• TASK PROMPT: From the first line of the material below through the line containing "# Sketch1 → Boss-Extrude1 (new body)", print every line exactly as it stands, but no pictures.

-- Opening Marker --

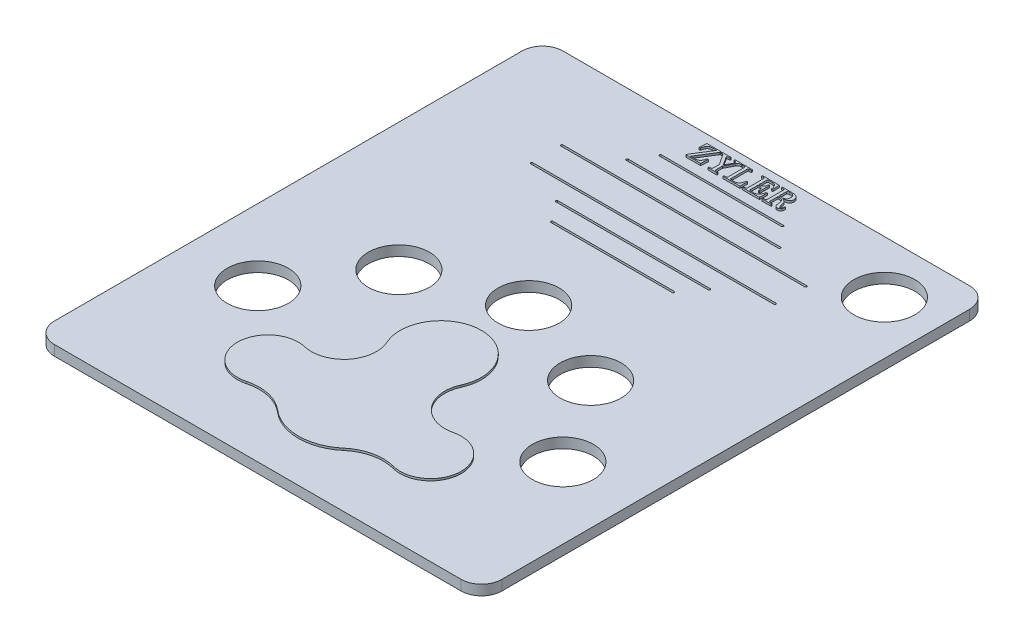
from build123d import *

# Parameters (mm, degrees)
SKETCH1_W           = 220
SKETCH1_H           = 250
BOSS_EXTRUDE1_DEPTH = 5
CUT_EXTRUDE1_DEPTH  = 20
SKETCH3_R           = 15
CUT_EXTRUDE2_DEPTH  = 20
BOSS_EXTRUDE2_DEPTH = 1
BOSS_EXTRUDE3_DEPTH = 1
FILLET1_R           = 10
SKETCH6_R           = 15
CUT_EXTRUDE3_DEPTH  = 167.583312631


with BuildPart() as part:
    # Sketch1 → Boss-Extrude1 (new body)
    with BuildSketch(Plane(origin=(0, 0, 0), x_dir=(1, 0, 0), z_dir=(0, 1, 0))):
        Rectangle(SKETCH1_W, SKETCH1_H)
    extrude(amount=BOSS_EXTRUDE1_DEPTH)

    # Sketch2 → Cut-Extrude1 (cut)
    with BuildSketch(Plane(origin=(0, 5, 0), x_dir=(1, 0, 0), z_dir=(0, 1, 0))):
        with BuildLine():
            Line((37.083433969, 94), (-37.916566031, 94))
            ThreePointArc((-37.916566031, 94), (-38.416566031, 94.5), (-37.916566031, 95))
            Line((-37.916566031, 95), (37.083433969, 95))
            ThreePointArc((37.083433969, 95), (37.583433969, 94.5), (37.083433969, 94))
        make_face()
        with BuildLine():
            Line((59.972615029, 84.007575965), (-60.027384971, 84.007575965))
            ThreePointArc((-60.027384971, 84.007575965), (-60.527384971, 84.507575965), (-60.027384971, 85.007575965))
            Line((-60.027384971, 85.007575965), (59.972615029, 85.007575965))
            ThreePointArc((59.972615029, 85.007575965), (60.472615029, 84.507575965), (59.972615029, 84.007575965))
        make_face()
        with BuildLine():
            Line((59.724735753, 69.007576115), (-59.775264247, 69.007576115))
            ThreePointArc((-59.775264247, 69.007576115), (-60.275264247, 69.507576115), (-59.775264247, 70.007576115))
            Line((-59.775264247, 70.007576115), (59.724735753, 70.007576115))
            ThreePointArc((59.724735753, 70.007576115), (60.224735753, 69.507576115), (59.724735753, 69.007576115))
        make_face()
        with BuildLine():
            Line((37.474735753, 59.007576115), (-37.525264247, 59.007576115))
            ThreePointArc((-37.525264247, 59.007576115), (-38.025264247, 59.507576115), (-37.525264247, 60.007576115))
            Line((-37.525264247, 60.007576115), (37.474735753, 60.007576115))
            ThreePointArc((37.474735753, 60.007576115), (37.974735753, 59.507576115), (37.474735753, 59.007576115))
        make_face()
        with BuildLine():
            Line((28.500891685, 104), (-31.499108315, 104))
            ThreePointArc((-31.499108315, 104), (-31.999108315, 104.5), (-31.499108315, 105))
            Line((-31.499108315, 105), (28.500891685, 105))
            ThreePointArc((28.500891685, 105), (29.000891685, 104.5), (28.500891685, 104))
        make_face()
        with BuildLine():
            Line((29.812177864, 49.007576115), (-29.862706357, 49.007576115))
            ThreePointArc((-29.862706357, 49.007576115), (-30.362706357, 49.507576115), (-29.862706357, 50.007576115))
            Line((-29.862706357, 50.007576115), (29.812177864, 50.007576115))
            ThreePointArc((29.812177864, 50.007576115), (30.312177864, 49.507576115), (29.812177864, 49.007576115))
        make_face()
    extrude(amount=-CUT_EXTRUDE1_DEPTH, mode=Mode.SUBTRACT)

    # Sketch3 → Cut-Extrude2 (cut)
    with BuildSketch(Plane(origin=(0, 5, 0), x_dir=(1, 0, 0), z_dir=(0, 1, 0))):
        with Locations(Location((-75, -50, 0), (0, 0, 270))):
            Circle(SKETCH3_R)
        with Locations(Location((-47.142827339, -8.47918677, 0), (0, 0, 270))):
            Circle(SKETCH3_R)
        with Locations(Location((0, 8.180760125, 0), (0, 0, 270))):
            Circle(SKETCH3_R)
        with Locations(Location((75, -50, 0), (0, 0, 270))):
            Circle(SKETCH3_R)
        with Locations(Location((47.142827339, -8.47918677, 0), (0, 0, 270))):
            Circle(SKETCH3_R)
    extrude(amount=-CUT_EXTRUDE2_DEPTH, mode=Mode.SUBTRACT)

    # Sketch4 → Boss-Extrude2 (add)
    with BuildSketch(Plane(origin=(0, 5, 0), x_dir=(1, 0, 0), z_dir=(0, 1, 0))):
        with BuildLine():
            ThreePointArc((18.21942281, -43.249401947), (0, -15), (-18.21942281, -43.249401947))
            ThreePointArc((-18.21942281, -43.249401947), (-20.456033843, -60.03474086), (-36.513690834, -65.410769438))
            ThreePointArc((-36.513690834, -65.410769438), (-54.998818818, -80.188239417), (-36.148648649, -94.497140848))
            ThreePointArc((-36.148648649, -94.497140848), (-25.628978083, -94.30563671), (-16.223404255, -99.021071325))
            ThreePointArc((-16.223404255, -99.021071325), (0, -105), (16.223404255, -99.021071325))
            ThreePointArc((16.223404255, -99.021071325), (25.628978083, -94.30563671), (36.148648649, -94.497140848))
            ThreePointArc((36.148648649, -94.497140848), (54.998818818, -80.188239417), (36.513690834, -65.410769438))
            ThreePointArc((36.513690834, -65.410769438), (20.456033843, -60.03474086), (18.21942281, -43.249401947))
        make_face()
    extrude(amount=BOSS_EXTRUDE2_DEPTH)

    # Sketch5 → Boss-Extrude3 (add)
    # profile 1 of 5: a face of its own
    with BuildSketch(Plane(origin=(0, 5, 0), x_dir=(1, 0, 0), z_dir=(0, 1, 0))):
        with BuildLine():
            Line((-24.154647436, 120), (-17.179487179, 120))
            Line((-17.179487179, 120), (-17.179487179, 119.487179487))
            Line((-17.179487179, 119.487179487), (-22.804487179, 110.512820513))
            Line((-22.804487179, 110.512820513), (-20.673076923, 110.512820513))
            add(Edge.make_bspline(
                [(-20.673076923, 110.512820513), (-20.526651144, 110.515887223), (-20.247389804, 110.521736014), (-19.84912992, 110.57628319), (-19.491872335, 110.66428805), (-19.173584535, 110.791911861), (-18.890563731, 110.956557482), (-18.638367295, 111.157614665), (-18.411539151, 111.391175177), (-18.248417489, 111.617899109), (-18.129942276, 111.823859128), (-18.04180762, 112.004369556), (-17.959053906, 112.210119375), (-17.874482462, 112.438237578), (-17.792689455, 112.691619812), (-17.712898856, 112.968796328), (-17.637231289, 113.271186263), (-17.5891079, 113.480817404), (-17.564102564, 113.58974359)],
                knots=[0, 0, 0, 0, 1.438938695, 2.744325145, 3.943287961, 5.047781886, 6.103944204, 7.15076122, 8.209328403, 9.295327535, 9.886501639, 10.544177767, 11.26834914, 12.065930381, 12.935805495, 13.885366719, 14.901217933, 16, 16, 16, 16], degree=3))
            Line((-17.564102564, 113.58974359), (-17.051282051, 113.58974359))
            Line((-17.051282051, 113.58974359), (-17.249599359, 110))
            Line((-17.249599359, 110), (-24.487179487, 110))
            Line((-24.487179487, 110), (-24.487179487, 110.458733974))
            Line((-24.487179487, 110.458733974), (-18.826121795, 119.487179487))
            Line((-18.826121795, 119.487179487), (-20.909455128, 119.487179487))
            add(Edge.make_bspline(
                [(-20.909455128, 119.487179487), (-21.043807402, 119.485425547), (-21.297096594, 119.482118912), (-21.653399479, 119.443458441), (-21.964378916, 119.385150531), (-22.148149278, 119.315315102), (-22.233573718, 119.282852564)],
                knots=[0, 0, 0, 0, 1.195148331, 2.253167325, 3.18799636, 4, 4, 4, 4], degree=3))
            add(Edge.make_bspline(
                [(-22.233573718, 119.282852564), (-22.286061606, 119.25827604), (-22.391152301, 119.209069182), (-22.541813204, 119.120684756), (-22.684560242, 119.018013108), (-22.819308501, 118.901332309), (-22.945792151, 118.769908876), (-23.065628563, 118.625975922), (-23.178455392, 118.468888939), (-23.282728061, 118.298058615), (-23.378354765, 118.112722554), (-23.469333318, 117.914032542), (-23.550757543, 117.69965804), (-23.624621303, 117.470071964), (-23.692796894, 117.226310318), (-23.752435357, 116.967562411), (-23.805069719, 116.694330206), (-23.832229475, 116.506535658), (-23.846153846, 116.41025641)],
                knots=[0, 0, 0, 0, 0.807180279, 1.616127815, 2.429396883, 3.253816916, 4.095946098, 4.967866624, 5.861164287, 6.78817231, 7.75355223, 8.765247396, 9.831261868, 10.946284167, 12.12452188, 13.356655795, 14.644799893, 16, 16, 16, 16], degree=3))
            Line((-23.846153846, 116.41025641), (-24.358974359, 116.41025641))
            Line((-24.358974359, 116.41025641), (-24.154647436, 120))
        make_face()
    # profile 2 of 5: a face of its own
    with BuildSketch(Plane(origin=(0, 5, 0), x_dir=(1, 0, 0), z_dir=(0, 1, 0))):
        with BuildLine():
            Line((-16.666666667, 120), (-12.307692308, 120))
            Line((-12.307692308, 120), (-12.307692308, 119.487179487))
            Line((-12.307692308, 119.487179487), (-12.760416667, 119.487179487))
            add(Edge.make_bspline(
                [(-12.760416667, 119.487179487), (-12.846619261, 119.486424128), (-13.002559406, 119.485057687), (-13.211899108, 119.466702823), (-13.374538956, 119.44314865), (-13.493287129, 119.401205813), (-13.575234414, 119.346644783), (-13.629860927, 119.283175014), (-13.667727251, 119.211211133), (-13.670476211, 119.157791294), (-13.671875, 119.130608974)],
                knots=[0, 0, 0, 0, 1.913714744, 3.461902253, 4.666412246, 5.553424366, 6.236294336, 6.825067748, 7.40214376, 8, 8, 8, 8], degree=3))
            add(Edge.make_bspline(
                [(-13.671875, 119.130608974), (-13.667805003, 119.074009925), (-13.65971831, 118.961553038), (-13.604935316, 118.863036278), (-13.577724359, 118.814102564)],
                knots=[0, 0, 0, 0, 1.006591081, 2, 2, 2, 2], degree=3))
            Line((-13.577724359, 118.814102564), (-10.987580128, 114.815705128))
            Line((-10.987580128, 114.815705128), (-9.184695513, 118.235176282))
            add(Edge.make_bspline(
                [(-9.184695513, 118.235176282), (-9.165597886, 118.272778748), (-9.127731925, 118.347335311), (-9.089751755, 118.467562005), (-9.067531445, 118.59224725), (-9.064187293, 118.677126214), (-9.0625, 118.719951923)],
                knots=[0, 0, 0, 0, 1.000544011, 1.983835969, 2.982743766, 4, 4, 4, 4], degree=3))
            add(Edge.make_bspline(
                [(-9.0625, 118.719951923), (-9.064946926, 118.775661857), (-9.069653571, 118.882819527), (-9.112889746, 119.035564249), (-9.185820396, 119.169503747), (-9.286675615, 119.28385013), (-9.411745305, 119.378065781), (-9.564875614, 119.440868838), (-9.739363051, 119.482546004), (-9.864173425, 119.48558134), (-9.929887821, 119.487179487)],
                knots=[0, 0, 0, 0, 1.018724209, 1.959508948, 2.878985283, 3.789059353, 4.733256338, 5.719300026, 6.799179769, 8, 8, 8, 8], degree=3))
            Line((-9.929887821, 119.487179487), (-10.384615385, 119.487179487))
            Line((-10.384615385, 119.487179487), (-10.384615385, 120))
            Line((-10.384615385, 120), (-6.666666667, 120))
            Line((-6.666666667, 120), (-6.666666667, 119.487179487))
            add(Edge.make_bspline(
                [(-6.666666667, 119.487179487), (-6.776976562, 119.484738833), (-6.986471081, 119.480103675), (-7.283359654, 119.439002663), (-7.543860609, 119.368009102), (-7.775289427, 119.265655716), (-7.9820443, 119.117578993), (-8.180373181, 118.924970302), (-8.373501315, 118.681796276), (-8.488874715, 118.49557784), (-8.549679487, 118.397435897)],
                knots=[0, 0, 0, 0, 1.144733651, 2.174015535, 3.102350986, 3.939892726, 4.785995591, 5.727257514, 6.802205801, 8, 8, 8, 8], degree=3))
            Line((-8.549679487, 118.397435897), (-10.769230769, 114.190705128))
            Line((-10.769230769, 114.190705128), (-10.769230769, 111.015625))
            add(Edge.make_bspline(
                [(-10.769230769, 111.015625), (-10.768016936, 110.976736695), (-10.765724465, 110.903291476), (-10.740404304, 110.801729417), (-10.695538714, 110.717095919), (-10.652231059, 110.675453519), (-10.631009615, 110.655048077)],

-- Closing Marker --

• FINISHED EXERCISE:
from build123d import *

# Parameters (mm, degrees)
SKETCH1_W           = 220
SKETCH1_H           = 250
BOSS_EXTRUDE1_DEPTH = 5
CUT_EXTRUDE1_DEPTH  = 20
SKETCH3_R           = 15
CUT_EXTRUDE2_DEPTH  = 20
BOSS_EXTRUDE2_DEPTH = 1
BOSS_EXTRUDE3_DEPTH = 1
FILLET1_R           = 10
SKETCH6_R           = 15
CUT_EXTRUDE3_DEPTH  = 167.583312631


with BuildPart() as part:
    # Sketch1 → Boss-Extrude1 (new body)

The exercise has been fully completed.